References to: https://ec.europa.eu/commission/presscorner/detail/en/SPEECH_21_404/ February 3, 2021
There are at least three possible scenarios for the labour unions in order to remedy a declining unions’ role in modern society: the first one is take into consideration the “ageing unions”, the process which is heading (slowly) towards extinction backed by current broad socio-economic trends. This would imply an almost union-free future, and the ultimate loss of the relevance of trade unions as an organised form of collective voice and representation.
Second scenario emphasises the dual structure of labour market and the unions: the latter being relatively unattractive to “outsiders” and mainly representing the interests and needs of the “insiders”. In this scenario, unions hold on to their strong positions, i.e. connections to the public sector, and are largely reluctant to workers from industries in the non-standard forms of employment. Union responses to processes of labour market segmentation and fragmentation are, however, much dependent on their governance structures and strategies towards promoting inclusive solidarity and on labour market institutions promoting collective bargaining.

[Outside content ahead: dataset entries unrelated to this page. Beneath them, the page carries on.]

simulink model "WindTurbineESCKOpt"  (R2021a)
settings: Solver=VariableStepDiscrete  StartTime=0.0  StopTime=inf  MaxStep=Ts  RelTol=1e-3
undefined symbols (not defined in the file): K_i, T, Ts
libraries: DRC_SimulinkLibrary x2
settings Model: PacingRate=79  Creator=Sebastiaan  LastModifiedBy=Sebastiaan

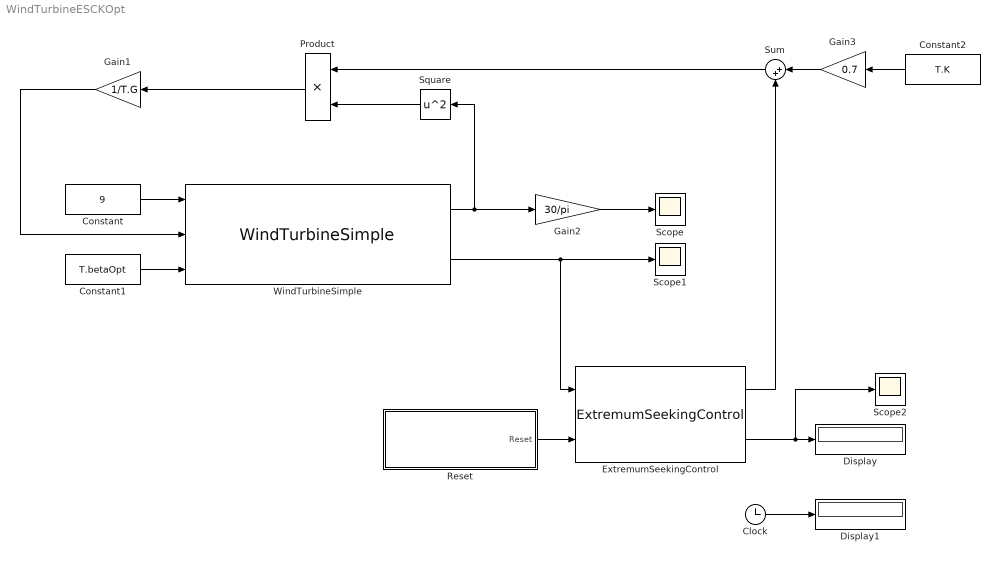
== system WindTurbineESCKOpt ==
  Clock : Clock
  Constant : Constant  Value=9
  Constant1 : Constant  Value=T.betaOpt
  Constant2 : Constant  Value=T.K
  Display : Display
  Display1 : Display
  ExtremumSeekingControl : DRC_SimulinkLibrary/ExtremumSeekingControl  D_A=D_A  D_w=D_w  M_phi=M_phi  Ki=K_i  LPF_wc=wc_LPF  HPF_wc=wc_HPF  Ts=Ts
  Gain1 : Gain  Gain=1/T.G
  Gain2 : Gain  Gain=30/pi
  Gain3 : Gain  Gain=0.7
  Product : Product
  Reset : Subsystem
  Scope : Scope
  Scope1 : Scope
  Scope2 : Scope
  Square : Math  Operator=square  SaturateOnIntegerOverflow=on
  Sum : Sum  Inputs=|++
  WindTurbineSimple : DRC_SimulinkLibrary/WindTurbineSimple  R=T.R  rho=T.rho  TMax=inf  JWr=T.Jlss  G=T.G  Wr0=Wr0  CpArray=T.Cp  TSRVec=T.CTSR  betaVec=T.CPitch
  wires:
  Constant/1 -> WindTurbineSimple/1
  Constant1/1 -> WindTurbineSimple/3
  Gain2/1 -> Scope/1
  WindTurbineSimple/1 -> Gain2/1, Square/1
  Gain1/1 -> WindTurbineSimple/2
  Product/1 -> Gain1/1
  WindTurbineSimple/2 -> ExtremumSeekingControl/1, Scope1/1
  Square/1 -> Product/2
  Constant2/1 -> Gain3/1
  Gain3/1 -> Sum/1
  Sum/1 -> Product/1
  ExtremumSeekingControl/2 -> Scope2/1, Display/1
  ExtremumSeekingControl/1 -> Sum/2
  Reset/1(Reset) -> ExtremumSeekingControl/2
  Clock/1 -> Display1/1

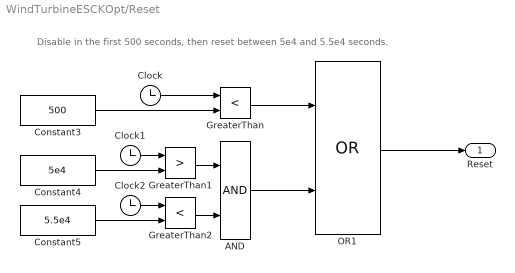
== system WindTurbineESCKOpt/Reset ==
  note: Disable in the first 500 seconds, then reset between 5e4 and 5.5e4 seconds.
  AND : Logic  AllPortsSameDT=off  OutDataTypeStr=boolean
  Clock : Clock
  Clock1 : Clock
  Clock2 : Clock
  Constant3 : Constant  Value=500
  Constant4 : Constant  Value=5e4
  Constant5 : Constant  Value=5.5e4
  GreaterThan : RelationalOperator  Operator=<  OutDataTypeStr=boolean  RndMeth=Simplest
  GreaterThan1 : RelationalOperator  Operator=>  OutDataTypeStr=boolean  RndMeth=Simplest
  GreaterThan2 : RelationalOperator  Operator=<  OutDataTypeStr=boolean  RndMeth=Simplest
  OR1 : Logic  Operator=OR  AllPortsSameDT=off  OutDataTypeStr=boolean
  Reset : Outport
  wires:
  Clock1/1 -> GreaterThan1/1
  GreaterThan1/1 -> AND/1
  Clock2/1 -> GreaterThan2/1
  AND/1 -> OR1/2
  GreaterThan/1 -> OR1/1
  Constant3/1 -> GreaterThan/2
  Constant4/1 -> GreaterThan1/2
  Constant5/1 -> GreaterThan2/2
  GreaterThan2/1 -> AND/2
  Clock/1 -> GreaterThan/1
  OR1/1 -> Reset/1

A third scenario reflects the emerging trend that the current union’s forms might be substituted by other types of collective representation, either through new employers’ initiatives, or by the grassroots’ actions; interesting moves appeared where grass-root initiatives co-exist with longstanding trade unions, with each of them having their own member’s representation. Third scenario highlights unions as either “learning organisations”, ‘re-empowerment” facilities and/or “renewal” unions. This means that current unions have the potential to reverse present membership trends and remain a countervailing power in both the labour market and society.
Continuing de-unionisation trend makes it necessary for unions to turn more successful small-scale, local initiatives into large-scale revitalization unions, where growing occupations and industries would make labour unions into entities more adequate to present circumstances.
A broad strategic vision of the unions’ future of trade unions includes their changing role in a modern European states’ multi-faceted transitions with renewed power resources, altered union’s representation and membership, which would lead to a revitalised union’s movement in perspective.